While everyone has a right to feed themselves and their family, what gives them the right to exploit the wildlife is unclear. Sure, all people need some form of protein, yet millions have found a satisfying and healthful way to eat that doesn’t involve preying on others. And they don’t seem to understand that dead is dead and it doesn’t matter to the victim whether their killer eats every part of them or just sticks their head on a wall.

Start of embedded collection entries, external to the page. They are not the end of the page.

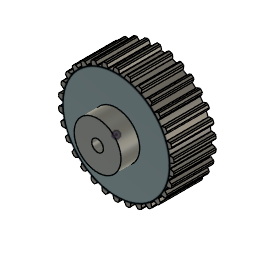
Gear_30 (Autodesk Fusion 360 design; units mm, degrees)
part number: 2026-07-17-20-20-12-851
Autodesk Fusion 360 part; units mm, degrees
sketch "Sketch1" plane through (0, 0, 0) normal (0, 1, 0) x (1, 0, 0)
  circle A0 centre (0, 0) radius 22.8
  dimension "d1" = 45.6
  constraint coincident A0.centre origin
  measures "d1" diameter of A0
extrude "Extrude1" add sketch "Sketch1" along normal blind 18 makes body 1
sketch "Sketch2" plane through (0, 0, 0) normal (0, -1, 0) x (1, 0, 0)
  circle A0 centre (0, 0) radius 22.8
  circle A1 centre (0, 0) radius 2.5
  dimension "d4" = 5
  constraint concentric A0 A1
  measures "d4" diameter of A1
extrude "Extrude2" cut sketch "Sketch2" against normal blind 65 contours A1 bodies 1
sketch "Sketch3" plane through (0, 0, 0) normal (0, -1, 0) x (1, 0, 0)
  circle A0 centre (0, 0) radius 2.5
  circle A1 centre (0, 0) radius 22.8
  circle A2 centre (0, 0) radius 10
  dimension "d7" = 20
  constraint coincident A0.centre A1.centre
  measures "d7" diameter of A2
extrude "Extrude3" add sketch "Sketch3" along normal blind 8 contours A2 bodies 1
sketch "Sketch5" plane through (0, 18, 0) normal (0, 1, 0) x (-1, 0, 0)
  circle A0 centre (0, 0) radius 2.5
  circle A1 centre (0, 0) radius 22.8
  circle A2 centre (0, 0) radius 22.8
  line L0 (-1.3883, 23.1344) -> (-1.0229, 24.3903)
  line L1 (-1.1003, 22.7506) -> (1.0933, 22.7506)
  line L2 (-0.5435, 24.7506) -> (0.5131, 24.7506)
  line L3 (0.9908, 24.3982) -> (1.3799, 23.1392)
  arc A3 (-0.5435, 24.7506) -> (-1.0229, 24.3903) centre (-0.5428, 24.2506) ccw
  arc A4 (0.9908, 24.3982) -> (0.5131, 24.7506) centre (0.5131, 24.2506) ccw
  arc A5 (-1.3883, 23.1344) -> (-1.1003, 22.7506) centre (-1.1003, 23.0506) ccw
  arc A6 (1.0933, 22.7506) -> (1.3799, 23.1392) centre (1.0933, 23.0506) ccw
  point P0 (-1.5, 22.7506)
  point P1 (-0.918, 24.7506)
  point P2 (1.5, 22.7506)
  point P3 (0.882, 24.7506)
  dimension "d28" = 3
  dimension "d29" = 1.8
  dimension "d31" = 2
  dimension "d32" = 0.5
  dimension "d33" = 0.5
  dimension "d34" = 0.3
  constraint coincident A2 P0
  constraint horizontal L1
  constraint horizontal L2
  constraint coincident A2 P2
  constraint coincident P1 L0
  constraint coincident P1 L2
  constraint tangent L0 A3
  constraint coincident P3 L2
  constraint coincident P3 L3
  constraint tangent L2 A4
  constraint tangent L3 A4
  constraint coincident P0 L0
  constraint coincident P0 L1
  constraint tangent L0 A5
  constraint tangent L1 A5
  constraint coincident P2 L1
  constraint coincident P2 L3
  constraint tangent L1 A6
  constraint tangent L3 A6
  constraint equal A5 A6
  measures "d28" distance of P0 P2
  measures "d29" distance of P1 P3
  measures "d31" distance of L1 L2
  measures "d32" radius of A3
  measures "d33" radius of A4
  measures "d34" radius of A5
extrude "Extrude7" add sketch "Sketch5" against normal blind 18 separate body contours A1 A2 L0 L2 L3 A3 A4 A5 A6 makes body 2
pattern_circular "C-Pattern3" count 30 over 360 about axis through (0, 18, 0) along (0, -1, 0) of "Extrude7" makes body 3 makes body 4 makes body 5 makes body 6 makes body 7 makes body 8 makes body 9 makes body 10 makes body 11 makes body 12 makes body 13 makes body 14 makes body 15 makes body 16 makes body 17 makes body 18 makes body 19 makes body 20 makes body 21 makes body 22 makes body 23 makes body 24 makes body 25 makes body 26 makes body 27 makes body 28 makes body 29 makes body 30 makes body 31
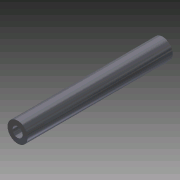
# Autodesk Inventor part: Roller Axle V4 1764
Saved by Autodesk Inventor 2011 (Build 150239000, 239)
## iProperties
Created: 2007-11-28
Part Number: Roller Axle V4 1764
Document SubType Name: Modeling
Designer: lwoods
Density: 7.84 g/cm^3
Material: Steel, High Strength Low Alloy
Mass: 10.4976 g
Surface Area: 11.0198 cm^2
Volume: 1.33898 cm^3
Author: lwoods
Autodesk Inventor part; units mm, degrees
ref_plane "YZ Plane" through (0, 0, 0) normal (1, 0, 0) x (0, 1, 0)
ref_plane "XZ Plane" through (0, 0, 0) normal (0, 1, 0) x (-1, 0, 0)
ref_plane "XY Plane" through (0, 0, 0) normal (0, 0, 1) x (1, 0, 0)
sketch "Sketch1" plane through (0, 0, 0) normal (0, 0, 1) x (1, 0, 0)
  circle A0 centre (-19.5853, 0.9985) radius 3.1623
  dimension "d0" = 6.3246
  constraints: 1 centre point
  measures "d0" diameter of A0
extrude "Extrusion1" add sketch "Sketch1" against normal blind 45.8724
sketch "Sketch2" plane through (-19.5853, 0.9985, 0) normal (0, 0, 1) x (1, 0, 0)
  circle A0 centre (0, 0) radius 3.1623 projected
  circle A1 centre (0, 0) radius 1.6002
  dimension "d3" = 3.2004
  constraints: 1 centre point, 1 coincident
  measures "d3" diameter of A1
extrude "Extrusion2" cut sketch "Sketch2" against normal blind 6.35 contours A1
sketch "Sketch3" plane through (-19.5853, 0.9985, -45.8724) normal (0, 0, -1) x (-1, 0, 0)
  circle A0 centre (0, 0) radius 3.1623 projected
  circle A1 centre (0, 0) radius 1.6002
  dimension "d6" = 3.2004
  constraints: 1 centre point, 1 coincident
  measures "d6" diameter of A1
extrude "Extrusion3" cut sketch "Sketch3" against normal blind 6.35 contours A1
body "Solid1"

Call: Often overheard uttering feeble catch-words like “management,” “sustainability,” “population control” or “invasive species.” Unfortunately, they never think to apply those same concepts to the species, Homo sapiens.
3) Trophy Hunters
This group can be confused with other “sportsmen,” but though both types are clearly in it for the fun, trophy hunters are obsessed with every aspect of the so-called sport. These are the kind of people who hold “contest hunts” on anything seen as competition, yet ironically are intent on recruiting more hunters, including women and young people, encouraging them to take up the “sport.” Although their professed enemies are predators like wolves and mountain lions, their most dreaded foe are the anti-hunters.
The trophy hunters’ fixation with horn curl or antler spread is in fact causing a reversal of evolution in the species whose heads they covet.
Breeding plumage: Camouflage from head to tail; flashy orange vest. Mates primarily with themselves.
This category includes bow-hunters, trappers and wolf hunters. Often seen on reality T.V. shows or in homemade snuff-film videos on U-Tube. Hunters who consider themselves in one of the other categories would do well to self-police their kind, lest normal people (non-hunters) think all hunters are sadists who enjoy the act of killing and are turned on by watching animals suffer and struggle under their power.
Habitat: Disgusting personal websites or Facebook pages where they parade around in camo, showing off their evil deeds for anyone who’ll give them the time of day.
5) “Ethical” Hunters
This is the category that virtually all hunters want to be included in. Unfortunately, the phrase “ethical hunter” is an oxymoron, like “humane slaughter,” “virgin mother,” “fair chase,” “free-range poultry” or “friendly neighborhood serial killer.” As with UFOs, Bigfoot and the Loch Ness monster, no one has ever been able to locate one of these mythical phantoms.
Spoor: This make-believe subspecies leaves no tracks or scat because, well, they’re fictitious. The only impression they make is in the minds of the easily influenced. There’s simply no way an animal-killer can be considered ethical, unless of course he gives up hunting.